Sen. J.D. Vance (R-Ohio) said during a hearing of the Senate Banking Committee. “I think, you know, had had [sic] deposits of over $3 billion, and I think Roku had deposits of over $500 million, but there are a lot of people, a lot of firms in Silicon Valley Bank that had deposits well over $1 million, over $5 million.”
Governor Gavin Newsom (D-CA) reportedly lobbied for the bailout “after the failed bank began lobbying California’s government and donating to Newsom’s wife.” Nancy Pelosi and other Democrats were lobbied for the bailout. Silicon Valley was also a major supporter of President Biden in the 2020 election.
The bank’s board reportedly had many Democratic Party ties, including “a Hillary Clinton mega-donor” as well as someone who “worked for President Barack Obama before her own political career spectacularly failed.” A third was a “prolific contributor to Democrats, including Nancy Pelosi — who owns a Napa Valley vineyard just 15 minutes” away.
We have been instrumental in uncovering previous bank bailout information.
In February 2011, we obtained FDIC records through a FOIA lawsuit filed on behalf of former Federal Reserve and FDIC employee Vern McKinley that pertained to the Citigroup and Bank of America bailouts, as well as documents detailing the FDIC’s Temporary Liquidity Guarantee Program, which guaranteed unsecured debt of private financial institutions and provided them “full coverage of non-interest bearing [sic] deposit transaction accounts, regardless of dollar amount.” Included were unredacted minutes from FDIC Board meetings during which FDIC officials and staff discussed the rationale for the bailouts which centered on the “systemic risk” of allowing the two financial institutions to fail.
In October 2011, we petitioned the U.S. Supreme Court, asking for a review of a lower court ruling validating the Federal Reserve’s decision to withhold documents about its $29 billion bailout of Bear Stearns.
In April 2012, McKinley and I co-authored an op-ed in The Washington Times titled “Bernanke’s Fairy Tale Recession Story for Kids; Records Show Fed Had No Coherent Strategy for Bank Bailouts,” which stated in part:
It’s an oldie but a goodie for our Federal Reserve chairman. In one of his recent lectures at George Washington University (GWU), Ben S. Bernanke made the self-congratulatory assertion that the “forceful policy response” led by the Federal Reserve in 2008 helped avoid a more serious economic downturn.
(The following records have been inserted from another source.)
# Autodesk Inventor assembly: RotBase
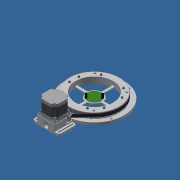
[picture p0: Inventor's stored thumbnail of the model, 180x180]
Saved by Autodesk Inventor 2016 (Build 200138000, 138)
## iProperties
Created: 2015-10-03
Part Number: RotBase
Material: Generisch
Document SubType Name: Assembly
Designer: 4ndreas
Mass: 1429.37 g
Surface Area: 3754.16 cm^2
Volume: 1275.86 cm^3
Density: 1.12032 g/cm^3
Author: 4ndreas
## Documents named in this file (21)
- C:\Users\4ndreas\Documents\Inventor\RobotARM v2\v4\_assemblys\RotBase.iam
- C:\Users\4ndreas\Documents\Inventor\RobotARM v2\v4\_printed parts\RotBase.ipt
- C:\Users\4ndreas\Documents\Inventor\RobotARM v2\v4\RotBase\Konstruktions-Assistent\Übertragung des Zahnriemens1.iam
- C:\Users\4ndreas\Documents\Inventor\RobotARM v2\v4\_misc parts\Drehkranz.ipt
- C:\Users\4ndreas\Documents\Inventor\RobotARM v2\v4\_encoder\encoder_bare.ipt
- C:\Users\4ndreas\Documents\Inventor\Content Center Files\R2014\de-DE\DIN 9021\DIN 9021 - 4,3.ipt
- C:\Users\4ndreas\Documents\Inventor\Content Center Files\R2014\de-DE\DIN 125-1  A\DIN 125 - A 4,3.ipt
- C:\Users\4ndreas\Documents\Inventor\RobotARM v2\v4\_standard Parts\DIN 625 SKF - SKF 624_flansch.ipt
- C:\Users\4ndreas\Documents\Inventor\Content Center Files\R2014\de-DE\DIN BEARING(1)\DIN 625 SKF - SKF 624.ipt
- C:\Users\4ndreas\Documents\Inventor\RobotARM v2\v4\_metal parts\16221600.ipt
- C:\Users\4ndreas\Documents\Inventor\Content Center Files\R2014\de-DE\DIN 125-1  A\DIN 125 - A 5,3.ipt
- C:\Users\4ndreas\Documents\Inventor\Content Center Files\R2014\de-DE\DIN 934\DIN 934 - M4 x 0,7.ipt
- C:\Users\4ndreas\Documents\Inventor\RobotARM v2\v4\_printed parts\rotBaseMagnetMount.ipt
- C:\Users\4ndreas\Documents\Inventor\RobotARM v2\v4\_encoder\EncoderMagnet.ipt
- C:\Users\4ndreas\Documents\Inventor\Content Center Files\R2014\de-DE\DIN 7991(2)\DIN 7991 - M4x25.ipt
- C:\Users\4ndreas\Documents\Inventor\Content Center Files\R2014\de-DE\DIN 7991(2)\DIN 7991 - M4x30.ipt
- C:\Users\4ndreas\Documents\Inventor\RobotARM v2\v4\_printed parts\rotNema23Mount.ipt
- C:\Users\4ndreas\Documents\Inventor\Content Center Files\R2014\de-DE\DIN 933\DIN 933 - M4  x 40.ipt
- C:\Users\4ndreas\Documents\Inventor\RobotARM v2\v4\_misc parts\Drehkranz_B.ipt
- C:\Users\4ndreas\Documents\Inventor\Content Center Files\R2014\de-DE\DIN 913\DIN 913 - M4 x 4.ipt
- C:\Users\4ndreas\Documents\Inventor\RobotARM v2\v4\_motors\Nema23.ipt
## Components (51 placed, 20 different names)
1. Übertragung des Zahnriemens:1 [sub-assembly] — Passend:2, Passend:7, Passend:15
2. Nema23:1 — Passend:2, Winkel:1, Winkel:2, Passend:51, Passend:52, Passend:53, Einfügen:9, Einfügen:10, Einfügen:11, Einfügen:12
3. Drehkranz:1 — Passend:3, Passend:4, Passend:5, Fluchtend:1, Fluchtend:2, Passend:66, Passend:67, Fluchtend:3, Fluchtend:4, Passend:69, Passend:70, Fluchtend:5, Fluchtend:6, Fluchtend:15, Passend:101
4. RotBase:1 — Passend:5, Passend:6, Passend:16, Passend:17, Passend:68, Passend:75, Passend:76, Passend:77, Passend:78, Passend:79, Passend:80, Passend:81, Passend:82, Passend:83, Fluchtend:7, Passend:84, Passend:85, Passend:86, Passend:87, Passend:88, Passend:89, Passend:90, Fluchtend:8, Fluchtend:9, Fluchtend:10, Fluchtend:11, Fluchtend:12, Fluchtend:13, Fluchtend:14
5. encoder_bare:1 — Passend:15, Passend:16, Passend:17
6. rotNema23Mount:1 — Fluchtend:1, Winkel:1, Passend:19, Passend:21, Passend:22, Passend:41, Passend:42, Passend:53, Passend:62, Passend:91, Passend:92, Passend:93, Passend:94, Passend:95, Passend:96
7. DIN 933 - ersetzt durch DIN EN 24017 M4  x 40:3 — Passend:21, Passend:23, Passend:24, Passend:43, Passend:48, Passend:55, Passend:62
8. DIN 933 - ersetzt durch DIN EN 24017 M4  x 40:4 — Passend:19, Passend:22, Passend:25, Passend:26, Passend:44, Passend:45, Passend:54
9. DIN 9021 4,3:1 — Einfügen:4, Passend:41, Passend:44
10. DIN 9021 4,3:2 — Einfügen:3, Passend:42, Passend:43
11. DIN 125-1 A A 4,3:1 — Einfügen:3, Passend:28
12. DIN 125-1 A A 4,3:2 — Einfügen:4, Passend:27
13. F624 ZZ 4x13x5:1 — Passend:25, Einfügen:7, Passend:46
14. F624 ZZ 4x13x5:2 — Passend:24, Passend:28, Passend:50
15. F624 ZZ 4x13x5:3 — Passend:23, Einfügen:8, Passend:49
16. F624 ZZ 4x13x5:4 — Passend:26, Passend:27, Passend:47
17. DIN 125-1 A A 4,3:5 — Einfügen:7
18. DIN 125-1 A A 4,3:6 — Einfügen:8
19. DIN 625 SKF SKF 624:1 — Passend:48, Passend:49, Passend:50
20. DIN 625 SKF SKF 624:2 — Passend:45, Passend:46, Passend:47
21. 16221600:1 — Passend:51, Passend:52, Passend:102
22. DIN 125-1 A A 5,3:1 — Einfügen:9, Passend:57
23. DIN 125-1 A A 5,3:2 — Einfügen:10, Passend:100
24. DIN 125-1 A A 5,3:3 — Einfügen:11, Passend:56
25. DIN 125-1 A A 5,3:4 — Einfügen:12, Passend:99
26. DIN 934 - ersetzt durch DIN EN 24032/28673/28674 M4:1 — Passend:55, Passend:56
27. DIN 934 - ersetzt durch DIN EN 24032/28673/28674 M4:2 — Passend:54, Passend:57
28. rotBaseMagnetMount:1 — Passend:63, Passend:64, Passend:65, Fluchtend:2
29. EncoderMagnet:1 — Passend:63, Passend:64
30. DIN 7991 M4x30:1 — Passend:66, Fluchtend:4, Passend:71
31. DIN 7991 M4x30:2 — Passend:67, Passend:68, Fluchtend:3, Passend:72
32. DIN 7991 M4x30:3 — Passend:69, Fluchtend:5, Passend:73
33. DIN 7991 M4x30:4 — Passend:70, Fluchtend:6, Passend:74
34. DIN 934 - ersetzt durch DIN EN 24032/28673/28674 M4:3 — Passend:74, Passend:78, Passend:79
35. DIN 934 - ersetzt durch DIN EN 24032/28673/28674 M4:4 — Passend:73, Passend:77, Passend:80
36. DIN 934 - ersetzt durch DIN EN 24032/28673/28674 M4:5 — Passend:72, Passend:76, Passend:81
37. DIN 934 - ersetzt durch DIN EN 24032/28673/28674 M4:6 — Passend:71, Passend:75, Passend:82
38. DIN 7991 M4x25:1 — Passend:83, Fluchtend:7
39. DIN 7991 M4x25:2 — Passend:85, Fluchtend:14
40. DIN 7991 M4x25:3 — Passend:87, Fluchtend:12
41. DIN 7991 M4x25:4 — Passend:88, Fluchtend:8
42. DIN 7991 M4x25:5 — Passend:86, Fluchtend:13
43. DIN 7991 M4x25:6 — Passend:84, Fluchtend:9
44. DIN 7991 M4x25:7 — Passend:89, Fluchtend:10
45. DIN 7991 M4x25:8 — Passend:90, Fluchtend:11
46. DIN 933 - ersetzt durch DIN EN 24017 M4  x 40:1 — Passend:91, Passend:93, Passend:96, Passend:97
47. DIN 933 - ersetzt durch DIN EN 24017 M4  x 40:2 — Passend:92, Passend:94, Passend:95, Passend:98
48. DIN 934 - ersetzt durch DIN EN 24032/28673/28674 M4:7 — Passend:97, Passend:99
49. DIN 934 - ersetzt durch DIN EN 24032/28673/28674 M4:8 — Passend:98, Passend:100
50. Drehkranz_B:1 — Fluchtend:15, Passend:101
51. DIN 913 M4 x 4:1 — Passend:102
## Relationships (101: Mate 76, Flush 15, Insert 8, Angle 2)
- Passend:2 [Mate]: Übertragung des Zahnriemens:1 ↔ Nema23:1
- Passend:3 [Mate]: Drehkranz:1
- Passend:4 [Mate]: Drehkranz:1
- Passend:5 [Mate]: Drehkranz:1 ↔ RotBase:1
- Passend:6 [Mate]: RotBase:1
- Passend:7 [Mate]: Übertragung des Zahnriemens:1
- Passend:15 [Mate]: Übertragung des Zahnriemens:1 ↔ encoder_bare:1
- Passend:16 [Mate]: RotBase:1 ↔ encoder_bare:1
- Passend:17 [Mate]: RotBase:1 ↔ encoder_bare:1
- Fluchtend:1 [Flush]: Drehkranz:1 ↔ rotNema23Mount:1
- Winkel:1 [Angle] (0 deg): Nema23:1 ↔ rotNema23Mount:1
- Winkel:2 [Angle] (-90 deg): Nema23:1
- Passend:19 [Mate]: rotNema23Mount:1 ↔ DIN 933 - ersetzt durch DIN EN 24017 M4  x 40:4
- Passend:21 [Mate]: rotNema23Mount:1 ↔ DIN 933 - ersetzt durch DIN EN 24017 M4  x 40:3
- Passend:22 [Mate]: rotNema23Mount:1 ↔ DIN 933 - ersetzt durch DIN EN 24017 M4  x 40:4
- Einfügen:3 [Insert]: DIN 9021 4,3:2 ↔ DIN 125-1 A A 4,3:1
- Einfügen:4 [Insert]: DIN 9021 4,3:1 ↔ DIN 125-1 A A 4,3:2
- Passend:23 [Mate]: DIN 933 - ersetzt durch DIN EN 24017 M4  x 40:3 ↔ F624 ZZ 4x13x5:3
- Passend:24 [Mate]: DIN 933 - ersetzt durch DIN EN 24017 M4  x 40:3 ↔ F624 ZZ 4x13x5:2
- Passend:25 [Mate]: DIN 933 - ersetzt durch DIN EN 24017 M4  x 40:4 ↔ F624 ZZ 4x13x5:1
- Passend:26 [Mate]: DIN 933 - ersetzt durch DIN EN 24017 M4  x 40:4 ↔ F624 ZZ 4x13x5:4
- Passend:27 [Mate]: DIN 125-1 A A 4,3:2 ↔ F624 ZZ 4x13x5:4
- Passend:28 [Mate]: DIN 125-1 A A 4,3:1 ↔ F624 ZZ 4x13x5:2
- Einfügen:7 [Insert]: F624 ZZ 4x13x5:1 ↔ DIN 125-1 A A 4,3:5
- Einfügen:8 [Insert]: F624 ZZ 4x13x5:3 ↔ DIN 125-1 A A 4,3:6
- Passend:41 [Mate]: rotNema23Mount:1 ↔ DIN 9021 4,3:1
- Passend:42 [Mate]: rotNema23Mount:1 ↔ DIN 9021 4,3:2
- Passend:43 [Mate]: DIN 933 - ersetzt durch DIN EN 24017 M4  x 40:3 ↔ DIN 9021 4,3:2
- Passend:44 [Mate]: DIN 933 - ersetzt durch DIN EN 24017 M4  x 40:4 ↔ DIN 9021 4,3:1
- Passend:45 [Mate]: DIN 933 - ersetzt durch DIN EN 24017 M4  x 40:4 ↔ DIN 625 SKF SKF 624:2
- Passend:46 [Mate]: F624 ZZ 4x13x5:1 ↔ DIN 625 SKF SKF 624:2
- Passend:47 [Mate]: F624 ZZ 4x13x5:4 ↔ DIN 625 SKF SKF 624:2
- Passend:48 [Mate]: DIN 933 - ersetzt durch DIN EN 24017 M4  x 40:3 ↔ DIN 625 SKF SKF 624:1
- Passend:49 [Mate]: F624 ZZ 4x13x5:3 ↔ DIN 625 SKF SKF 624:1
- Passend:50 [Mate]: F624 ZZ 4x13x5:2 ↔ DIN 625 SKF SKF 624:1
- Passend:51 [Mate]: Nema23:1 ↔ 16221600:1
- Passend:52 [Mate] (0.2 mm): Nema23:1 ↔ 16221600:1
- Passend:53 [Mate]: Nema23:1 ↔ rotNema23Mount:1
- Einfügen:9 [Insert]: Nema23:1 ↔ DIN 125-1 A A 5,3:1
- Einfügen:10 [Insert]: Nema23:1 ↔ DIN 125-1 A A 5,3:2
- Einfügen:11 [Insert]: Nema23:1 ↔ DIN 125-1 A A 5,3:3
- Einfügen:12 [Insert]: Nema23:1 ↔ DIN 125-1 A A 5,3:4
- Passend:54 [Mate]: DIN 933 - ersetzt durch DIN EN 24017 M4  x 40:4 ↔ DIN 934 - ersetzt durch DIN EN 24032/28673/28674 M4:2
- Passend:55 [Mate]: DIN 933 - ersetzt durch DIN EN 24017 M4  x 40:3 ↔ DIN 934 - ersetzt durch DIN EN 24032/28673/28674 M4:1
- Passend:56 [Mate]: DIN 125-1 A A 5,3:3 ↔ DIN 934 - ersetzt durch DIN EN 24032/28673/28674 M4:1
- Passend:57 [Mate]: DIN 125-1 A A 5,3:1 ↔ DIN 934 - ersetzt durch DIN EN 24032/28673/28674 M4:2
- Passend:62 [Mate]: rotNema23Mount:1 ↔ DIN 933 - ersetzt durch DIN EN 24017 M4  x 40:3
- Passend:63 [Mate]: rotBaseMagnetMount:1 ↔ EncoderMagnet:1
- Passend:64 [Mate]: rotBaseMagnetMount:1 ↔ EncoderMagnet:1
- Passend:65 [Mate]: rotBaseMagnetMount:1
- Fluchtend:2 [Flush]: Drehkranz:1 ↔ rotBaseMagnetMount:1
- Passend:66 [Mate]: Drehkranz:1 ↔ DIN 7991 M4x30:1
- Passend:67 [Mate]: Drehkranz:1 ↔ DIN 7991 M4x30:2
- Passend:68 [Mate]: RotBase:1 ↔ DIN 7991 M4x30:2
- Fluchtend:3 [Flush]: Drehkranz:1 ↔ DIN 7991 M4x30:2
- Fluchtend:4 [Flush]: Drehkranz:1 ↔ DIN 7991 M4x30:1
- Passend:69 [Mate]: Drehkranz:1 ↔ DIN 7991 M4x30:3
- Passend:70 [Mate]: Drehkranz:1 ↔ DIN 7991 M4x30:4
- Fluchtend:5 [Flush]: Drehkranz:1 ↔ DIN 7991 M4x30:3
- Fluchtend:6 [Flush]: Drehkranz:1 ↔ DIN 7991 M4x30:4
- Passend:71 [Mate]: DIN 7991 M4x30:1 ↔ DIN 934 - ersetzt durch DIN EN 24032/28673/28674 M4:6
- Passend:72 [Mate]: DIN 7991 M4x30:2 ↔ DIN 934 - ersetzt durch DIN EN 24032/28673/28674 M4:5
- Passend:73 [Mate]: DIN 7991 M4x30:3 ↔ DIN 934 - ersetzt durch DIN EN 24032/28673/28674 M4:4
- Passend:74 [Mate]: DIN 7991 M4x30:4 ↔ DIN 934 - ersetzt durch DIN EN 24032/28673/28674 M4:3
- Passend:75 [Mate]: RotBase:1 ↔ DIN 934 - ersetzt durch DIN EN 24032/28673/28674 M4:6
- Passend:76 [Mate]: RotBase:1 ↔ DIN 934 - ersetzt durch DIN EN 24032/28673/28674 M4:5
- Passend:77 [Mate]: RotBase:1 ↔ DIN 934 - ersetzt durch DIN EN 24032/28673/28674 M4:4
- Passend:78 [Mate]: RotBase:1 ↔ DIN 934 - ersetzt durch DIN EN 24032/28673/28674 M4:3
- Passend:79 [Mate]: RotBase:1 ↔ DIN 934 - ersetzt durch DIN EN 24032/28673/28674 M4:3
- Passend:80 [Mate]: RotBase:1 ↔ DIN 934 - ersetzt durch DIN EN 24032/28673/28674 M4:4
- Passend:81 [Mate]: RotBase:1 ↔ DIN 934 - ersetzt durch DIN EN 24032/28673/28674 M4:5
- Passend:82 [Mate]: RotBase:1 ↔ DIN 934 - ersetzt durch DIN EN 24032/28673/28674 M4:6
- Passend:83 [Mate]: RotBase:1 ↔ DIN 7991 M4x25:1
- Fluchtend:7 [Flush]: RotBase:1 ↔ DIN 7991 M4x25:1
- Passend:84 [Mate]: RotBase:1 ↔ DIN 7991 M4x25:6
- Passend:85 [Mate]: RotBase:1 ↔ DIN 7991 M4x25:2
- Passend:86 [Mate]: RotBase:1 ↔ DIN 7991 M4x25:5
- Passend:87 [Mate]: RotBase:1 ↔ DIN 7991 M4x25:3
- Passend:88 [Mate]: RotBase:1 ↔ DIN 7991 M4x25:4
- Passend:89 [Mate]: RotBase:1 ↔ DIN 7991 M4x25:7
- Passend:90 [Mate]: RotBase:1 ↔ DIN 7991 M4x25:8
- Fluchtend:8 [Flush]: RotBase:1 ↔ DIN 7991 M4x25:4
- Fluchtend:9 [Flush]: RotBase:1 ↔ DIN 7991 M4x25:6
- Fluchtend:10 [Flush]: RotBase:1 ↔ DIN 7991 M4x25:7
- Fluchtend:11 [Flush]: RotBase:1 ↔ DIN 7991 M4x25:8
- Fluchtend:12 [Flush]: RotBase:1 ↔ DIN 7991 M4x25:3
- Fluchtend:13 [Flush]: RotBase:1 ↔ DIN 7991 M4x25:5
- Fluchtend:14 [Flush]: RotBase:1 ↔ DIN 7991 M4x25:2
- Passend:91 [Mate]: rotNema23Mount:1 ↔ DIN 933 - ersetzt durch DIN EN 24017 M4  x 40:1
- Passend:92 [Mate]: rotNema23Mount:1 ↔ DIN 933 - ersetzt durch DIN EN 24017 M4  x 40:2
- Passend:93 [Mate]: rotNema23Mount:1 ↔ DIN 933 - ersetzt durch DIN EN 24017 M4  x 40:1
- Passend:94 [Mate]: rotNema23Mount:1 ↔ DIN 933 - ersetzt durch DIN EN 24017 M4  x 40:2
- Passend:95 [Mate]: rotNema23Mount:1 ↔ DIN 933 - ersetzt durch DIN EN 24017 M4  x 40:2
- Passend:96 [Mate]: rotNema23Mount:1 ↔ DIN 933 - ersetzt durch DIN EN 24017 M4  x 40:1
- Passend:97 [Mate]: DIN 933 - ersetzt durch DIN EN 24017 M4  x 40:1 ↔ DIN 934 - ersetzt durch DIN EN 24032/28673/28674 M4:7
- Passend:98 [Mate]: DIN 933 - ersetzt durch DIN EN 24017 M4  x 40:2 ↔ DIN 934 - ersetzt durch DIN EN 24032/28673/28674 M4:8
- Passend:99 [Mate]: DIN 125-1 A A 5,3:4 ↔ DIN 934 - ersetzt durch DIN EN 24032/28673/28674 M4:7
- Passend:100 [Mate]: DIN 125-1 A A 5,3:2 ↔ DIN 934 - ersetzt durch DIN EN 24032/28673/28674 M4:8
- Fluchtend:15 [Flush]: Drehkranz:1 ↔ Drehkranz_B:1
- Passend:101 [Mate]: Drehkranz:1 ↔ Drehkranz_B:1
- Passend:102 [Mate]: 16221600:1 ↔ DIN 913 M4 x 4:1

This rhetoric is nothing new. Mr. Bernanke has made similar remarks in the past. As he confided in one interview, “I was not going to be the Federal Reserve chairman who presided over the second Great Depression.” It is clear that like Treasury Secretary Timothy F. Geithner, who recently trumpeted the fourth anniversary of his role in the Bear Stearns bailout, Mr. Bernanke is aggressively using the GWU lectures to shape his legacy before he steps down.